Ma ben diverso é il caso di nuove concessioni di pesca riservata che la Regione eventualmente disponga sulle acque del demanio marittimo. Poiché la pesca riservata non può essere esercitata disgiunta dallo ius prohibendi, che é difficile immaginare separato dall'uso delle pertinenze dell'acqua pubblica, non si vede come la Regione possa disporre queste concessioni senza il consenso dell'Amministrazione statale. Comunque occorre affermare chiaramente, come già fu affermato in altra occasione, che la competenza legislativa regionale é rigorosamente limitata alla materia della pesca e che non é ammissibile nessuna interferenza regionale sulla disciplina dell'uso delle pertinenze del demanio marittimo, anche se ciò sembri, ad esempio, tecnicamente necessario od opportuno per la migliore coltivazione del pesce, o per gli impianti fissi di pesca o per la più efficace polizia delle acque o per altri motivi inerenti alla pesca. Si é dubitato nel passato, in sede di politica legislativa, dell'opportunità di includere nel demanio marittimo le lagune e soprattutto le lagune cosiddette "morte", che hanno importanza quasi esclusivamente per la pesca.
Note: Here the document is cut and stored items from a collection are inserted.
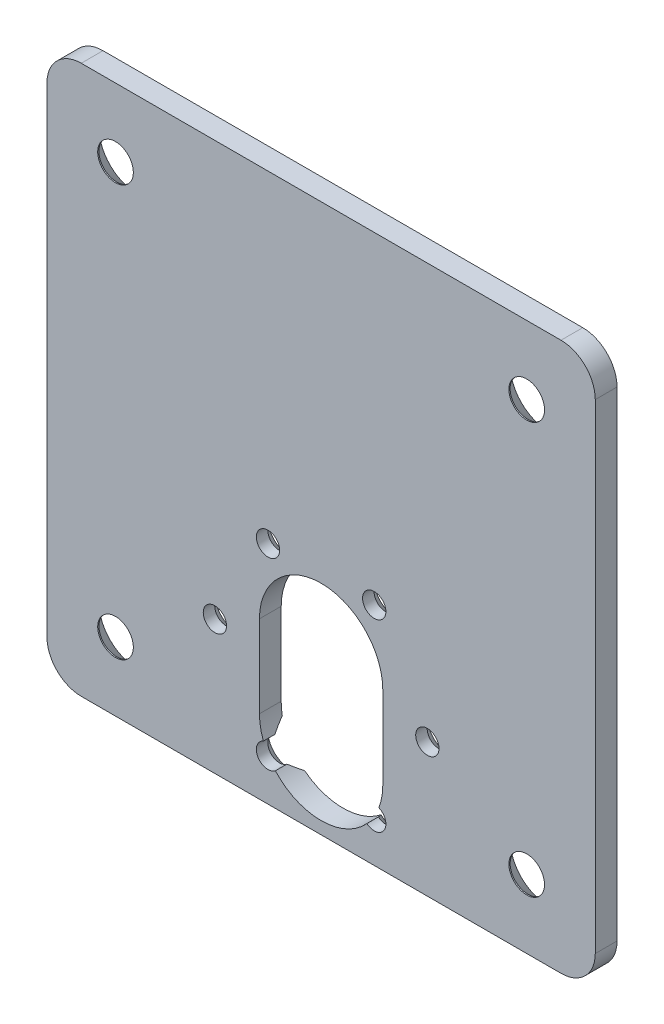
from build123d import *

# Parameters (mm, degrees)
SKETCH1_R           = 2.6
BOSS_EXTRUDE1_DEPTH = 3.175
CHAMFER1_SIZE       = 3
SKETCH4_R           = 1.7
CUT_EXTRUDE2_DEPTH  = 4.175
CHAMFER2_SIZE       = 1.5


with BuildPart() as part:
    # Sketch1 → Boss-Extrude1 (new body)
    with BuildSketch(Plane.XY):
        with BuildLine():
            Line((35, -40), (-35, -40))
            ThreePointArc((-35, -40), (-38.535533906, -38.535533906), (-40, -35))
            Line((-40, -35), (-40, 35))
            ThreePointArc((-40, 35), (-38.535533906, 38.535533906), (-35, 40))
            Line((-35, 40), (35, 40))
            ThreePointArc((35, 40), (38.535533906, 38.535533906), (40, 35))
            Line((40, 35), (40, -35))
            ThreePointArc((40, -35), (38.535533906, -38.535533906), (35, -40))
        make_face()
        with Locations((-30, 30)):
            Circle(SKETCH1_R, mode=Mode.SUBTRACT)
        with Locations((30, 30)):
            Circle(SKETCH1_R, mode=Mode.SUBTRACT)
        with Locations((30, -30)):
            Circle(SKETCH1_R, mode=Mode.SUBTRACT)
        with Locations((-30, -30)):
            Circle(SKETCH1_R, mode=Mode.SUBTRACT)
    extrude(amount=BOSS_EXTRUDE1_DEPTH)

    # Chamfer1
    chamfer1_edges = [part.edges().sort_by_distance(p)[0] for p in [
        (-32.6, 30, 0),
        (27.4, 30, 0),
        (27.4, -30, 0),
        (-32.6, -30, 0),
    ]]
    chamfer(chamfer1_edges, length=CHAMFER1_SIZE)

    # Sketch4 → Cut-Extrude2 (cut, through all)
    with BuildSketch(Plane(origin=(0, 0, 0), x_dir=(-1, 0, 0), z_dir=(0, 0, -1))):
        with Locations((-15.5, -20.5)):
            Circle(SKETCH4_R)
        with Locations((-7.75, -7.076606241)):
            Circle(SKETCH4_R)
        with Locations((7.75, -7.076606241)):
            Circle(SKETCH4_R)
        with Locations((15.5, -20.5)):
            Circle(SKETCH4_R)
        with BuildLine():
            Line((9, -17.202559976), (9, -29.202559976))
            ThreePointArc((9, -29.202559976), (8.855473359, -30.808981962), (8.426535201, -32.363810442))
            ThreePointArc((8.426535201, -32.363810442), (9.201851044, -34.807774076), (6.674545917, -35.23997969))
            ThreePointArc((6.674545917, -35.23997969), (0, -38.202559976), (-6.674545917, -35.23997969))
            ThreePointArc((-6.674545917, -35.23997969), (-9.201851044, -34.807774076), (-8.426535201, -32.363810442))
            ThreePointArc((-8.426535201, -32.363810442), (-8.855473359, -30.808981962), (-9, -29.202559976))
            Line((-9, -29.202559976), (-9, -17.202559976))
            ThreePointArc((-9, -17.202559976), (0, -8.202559976), (9, -17.202559976))
        make_face()
    extrude(amount=-CUT_EXTRUDE2_DEPTH, mode=Mode.SUBTRACT)

    # Chamfer2
    chamfer2_edges = [part.edges().sort_by_distance(p)[0] for p in [
        (17.2, -20.5, 0),
        (9.45, -7.076606241, 0),
        (-13.8, -20.5, 0),
        (9.201851044, -34.807774076, 0),
        (-9.201851044, -34.807774076, 0),
        (-6.05, -7.076606241, 0),
    ]]
    chamfer(chamfer2_edges, length=CHAMFER2_SIZE)


solid = part.part
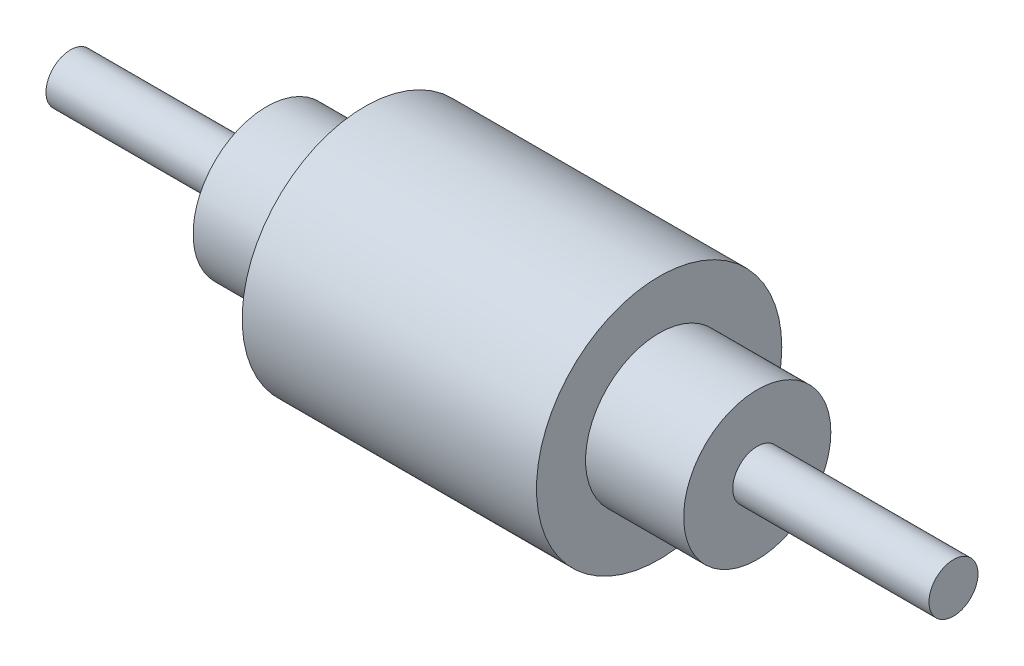
from build123d import *


with BuildPart() as part:
    # Sketch1 → Revolve1 (revolve)
    with BuildSketch(Plane.XY):
        Polygon((-180, 0), (0, 0), (0, 50), (-60, 50), (-60, 30), (-100, 30), (-100, 10), (-180, 10), align=None)
        Polygon((0, 0), (180, 0), (180, 10), (100, 10), (100, 30), (60, 30), (60, 50), (0, 50), align=None)
    revolve(axis=Axis((180, 0, 0), (-1, 0, 0)))


solid = part.part
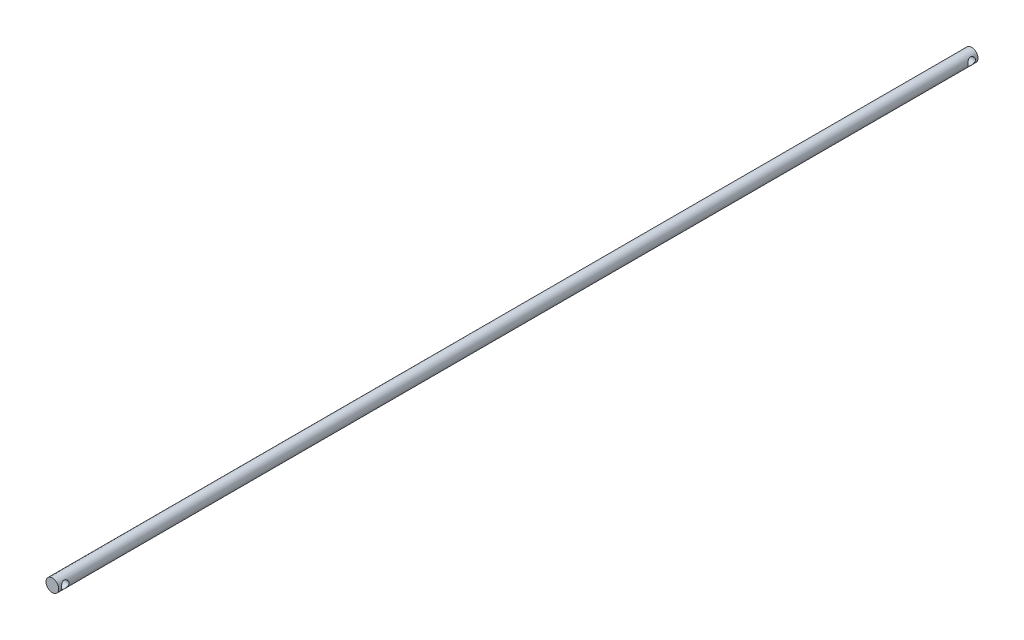
from build123d import *

# Parameters (mm, degrees)
SKETCH2_R               = 2.5
BOSS_EXTRUDE1_DEPTH     = 360
SKETCH3_R               = 1.5
CUT_EXTRUDE1_DEPTH      = 3.5
CUT_EXTRUDE1_DEPTH_BACK = 3.5


with BuildPart() as part:
    # Sketch2 → Boss-Extrude1 (new body)
    with BuildSketch(Plane.XY):
        Circle(SKETCH2_R)
    extrude(amount=BOSS_EXTRUDE1_DEPTH)

    # Sketch3 → Cut-Extrude1 (cut, two sides)
    with BuildSketch(Plane(origin=(0, 0, 0), x_dir=(0, 0, -1), z_dir=(1, 0, 0))) as cut_extrude1_sk:
        with Locations((-357.435271275, 0)):
            Circle(SKETCH3_R)
        with Locations((-2.49563784, 0)):
            Circle(SKETCH3_R)
    extrude(amount=CUT_EXTRUDE1_DEPTH, mode=Mode.SUBTRACT)
    extrude(cut_extrude1_sk.sketch, amount=-CUT_EXTRUDE1_DEPTH_BACK, mode=Mode.SUBTRACT)


solid = part.part
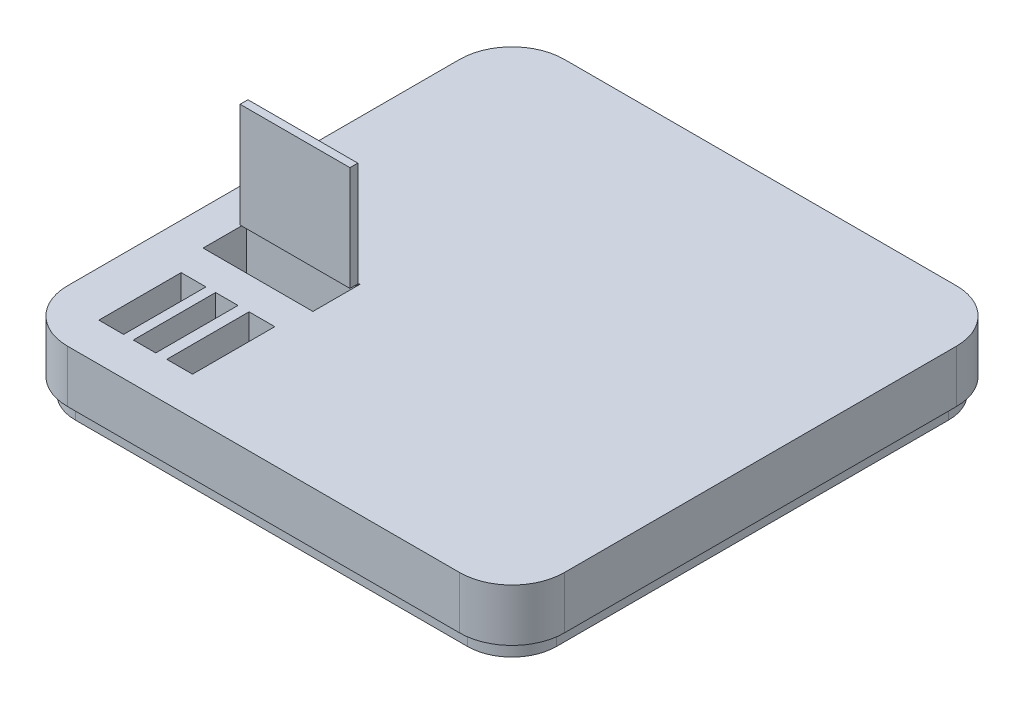
from build123d import *

# Parameters (mm, degrees)
SKETCH1_W            = 95
SKETCH1_H            = 95
BOSS_EXTRUDE1_DEPTH  = 10
FILLET1_R            = 10
BOSS_EXTRUDE2_DEPTH  = 3
SKETCH5_W            = 4.733468523
SKETCH5_H            = 15.739624206
SKETCH5_W_2          = 4.285968544
SKETCH5_W_3          = 4.922499766
CUT_EXTRUDE1_DEPTH   = 10
SKETCH14_W           = 21
SKETCH14_H           = 9
CUT_EXTRUDE2_DEPTH   = 10
SKETCH16_W           = 21.335954762
SKETCH16_H           = 13.618694529
BOSS_EXTRUDE7_DEPTH  = 10
SKETCH20_W           = 21
SKETCH20_H           = 1.5
BOSS_EXTRUDE13_DEPTH = 20


with BuildPart() as part:
    # Sketch1 → Boss-Extrude1 (new body)
    with BuildSketch(Plane(origin=(-45.242822535, 0, -5.598622024), x_dir=(1, 0, 0), z_dir=(0, 1, 0))):
        Rectangle(SKETCH1_W, SKETCH1_H)
    extrude(amount=BOSS_EXTRUDE1_DEPTH)

    # Fillet1
    fillet1_edges = [part.edges().sort_by_distance(p)[0] for p in [
        (2.257177465, 5, 41.901377976),
        (-92.742822535, 5, 41.901377976),
        (-92.742822535, 5, -53.098622024),
        (2.257177465, 5, -53.098622024),
    ]]
    fillet(fillet1_edges, radius=FILLET1_R)

    # Sketch4 → Boss-Extrude2 (add)
    with BuildSketch(Plane(origin=(-45.242822535, 0, -5.598622024), x_dir=(1, 0, 0), z_dir=(0, -1, 0))):
        with BuildLine():
            Line((-46, 37.5), (-46, -37.5))
            ThreePointArc((-46, -37.5), (-43.51040764, -43.51040764), (-37.5, -46))
            Line((-37.5, -46), (37.5, -46))
            ThreePointArc((37.5, -46), (43.51040764, -43.51040764), (46, -37.5))
            Line((46, -37.5), (46, 37.5))
            ThreePointArc((46, 37.5), (43.51040764, 43.51040764), (37.5, 46))
            Line((37.5, 46), (-37.5, 46))
            ThreePointArc((-37.5, 46), (-43.51040764, 43.51040764), (-46, 37.5))
        make_face()
    extrude(amount=BOSS_EXTRUDE2_DEPTH)

    # Sketch5 → Cut-Extrude1 (cut)
    with BuildSketch(Plane(origin=(-45.242822535, 10, -5.598622024), x_dir=(1, 0, 0), z_dir=(0, 1, 0))):
        with Locations((-36.445515764, -32.326942183)):
            Rectangle(SKETCH5_W, SKETCH5_H)
        with Locations((-30.082156711, -32.326942183)):
            Rectangle(SKETCH5_W_2, SKETCH5_H)
        with Locations((-23.365813302, -32.326942183)):
            Rectangle(SKETCH5_W_3, SKETCH5_H)
    extrude(amount=-CUT_EXTRUDE1_DEPTH, mode=Mode.SUBTRACT)

    # Sketch14 → Cut-Extrude2 (cut)
    with BuildSketch(Plane(origin=(0, 10, 0), x_dir=(1, 0, 0), z_dir=(0, 1, 0))):
        with Locations((-75.521903194, -8.192829138)):
            Rectangle(SKETCH14_W, SKETCH14_H)
    extrude(amount=-CUT_EXTRUDE2_DEPTH, mode=Mode.SUBTRACT)

    # Sketch16 → Boss-Extrude7 (add)
    with BuildSketch(Plane(origin=(0, 0, 0), x_dir=(1, 0, 0), z_dir=(0, 1, 0))):
        with Locations((-75.859791542, 2.420926633)):
            Rectangle(SKETCH16_W, SKETCH16_H)
    extrude(amount=BOSS_EXTRUDE7_DEPTH)

    # Sketch20 → Boss-Extrude13 (add)
    with BuildSketch(Plane(origin=(0, 10, 0), x_dir=(1, 0, 0), z_dir=(0, 1, 0))):
        with Locations((-75.800790681, -4.586951107)):
            Rectangle(SKETCH20_W, SKETCH20_H)
    extrude(amount=BOSS_EXTRUDE13_DEPTH)


solid = part.part

Ma finché queste appartengano, come attualmente é indubitabile, al demanio marittimo, cioè al demanio dello Stato, soltanto il soggetto titolare di questo demanio può disporre degli usi delle lagune. Perciò le concessioni temporanee di pesca riservata, di cui al primo comma dell'art. 5 della legge regionale impugnata, non possono concedere diritti nelle acque e nelle pertinenze del demanio marittimo senza il consenso dell'Amministrazione statale competente.

D'altra parte, poiché le norme statutarie hanno ripartito le funzioni fra lo Stato e la Regione sarda in modo che gli usi delle acque marittime sono riservati alla disciplina dello Stato - che é l'unico soggetto del demanio marittimo - mentre gli interessi della pesca sono stati affidati alla competenza esclusiva della Regione, é ovvia l'esigenza d'una stretta collaborazione fra lo Stato, che regola le acque lagunari, e la Regione sarda, che regola l'attività della pesca.

Ma questa collaborazione fra lo Stato e la Regione é del tutto normale nel sistema delle nostre autonomie, sia che si tratti d'attività legislativa, sia che si tratti d'attività amministrativa. In questi campi la legislazione dello Stato, che tenga conto opportunamente della competenza della Regione e della sua legislazione - del resto le leggi dello Stato si applicano nelle materie attribuite alla competenza della Regione sarda quando non sia diversamente disposto con leggi regionali - può facilmente superare le difficoltà che derivano dal fatto che due enti diversi esercitano funzioni diverse sullo stesso bene.

Perciò può sembrare più prudente che in questi campi d'attività mista la Regione prenda magari l'iniziativa di un'adeguata disciplina legislativa statale (art. 121 della Costituzione), piuttosto che correre il rischio di legiferare invano, fuori del campo della propria competenza.

Poiché entro i limiti dell'interpretazione sopra esposta la norma dell'art. 5 della legge regionale in esame é costituzionalmente legittima, non occorre pronunciare l'inefficacia della norma stessa per l'eventualità di altre interpretazioni.

 

PER QUESTI MOTIVI

LA CORTE COSTITUZIONALE

 

in parziale accoglimento del ricorso del Presidente del Consiglio dei Ministri:

dichiara l'illegittimità costituzionale delle disposizioni del secondo e del terzo comma dell'art. 3 della legge approvata dal Consiglio regionale sardo il 2 marzo 1956, recante norme per l'abolizione dei diritti esclusivi perpetui di pesca e per disciplinare l'esercizio della pesca nelle acque interne e lagunari della Sardegna, in riferimento agli artt. 3 e 4 dello Statuto speciale per la Sardegna.

Così deciso in Roma, nella sede della Corte costituzionale, Palazzo della Consulta, l'8 luglio 1958.

 

Tomaso PERASSI - Giuseppe CAPPI - Gaspare AMBROSINI - Ernesto BATTAGLINI - Mario COSATTI - Francesco PANTALEO GABRIELI - Giuseppe CASTELLI AVOLIO - Antonino PAPALDO - Mario BRACCI - Nicola JAEGER - Giovanni CASSANDRO - Biagio PETROCELLI - Antonio MANCA - Aldo SANDULLI 

 

Depositata in cancelleria il 14 luglio 1958.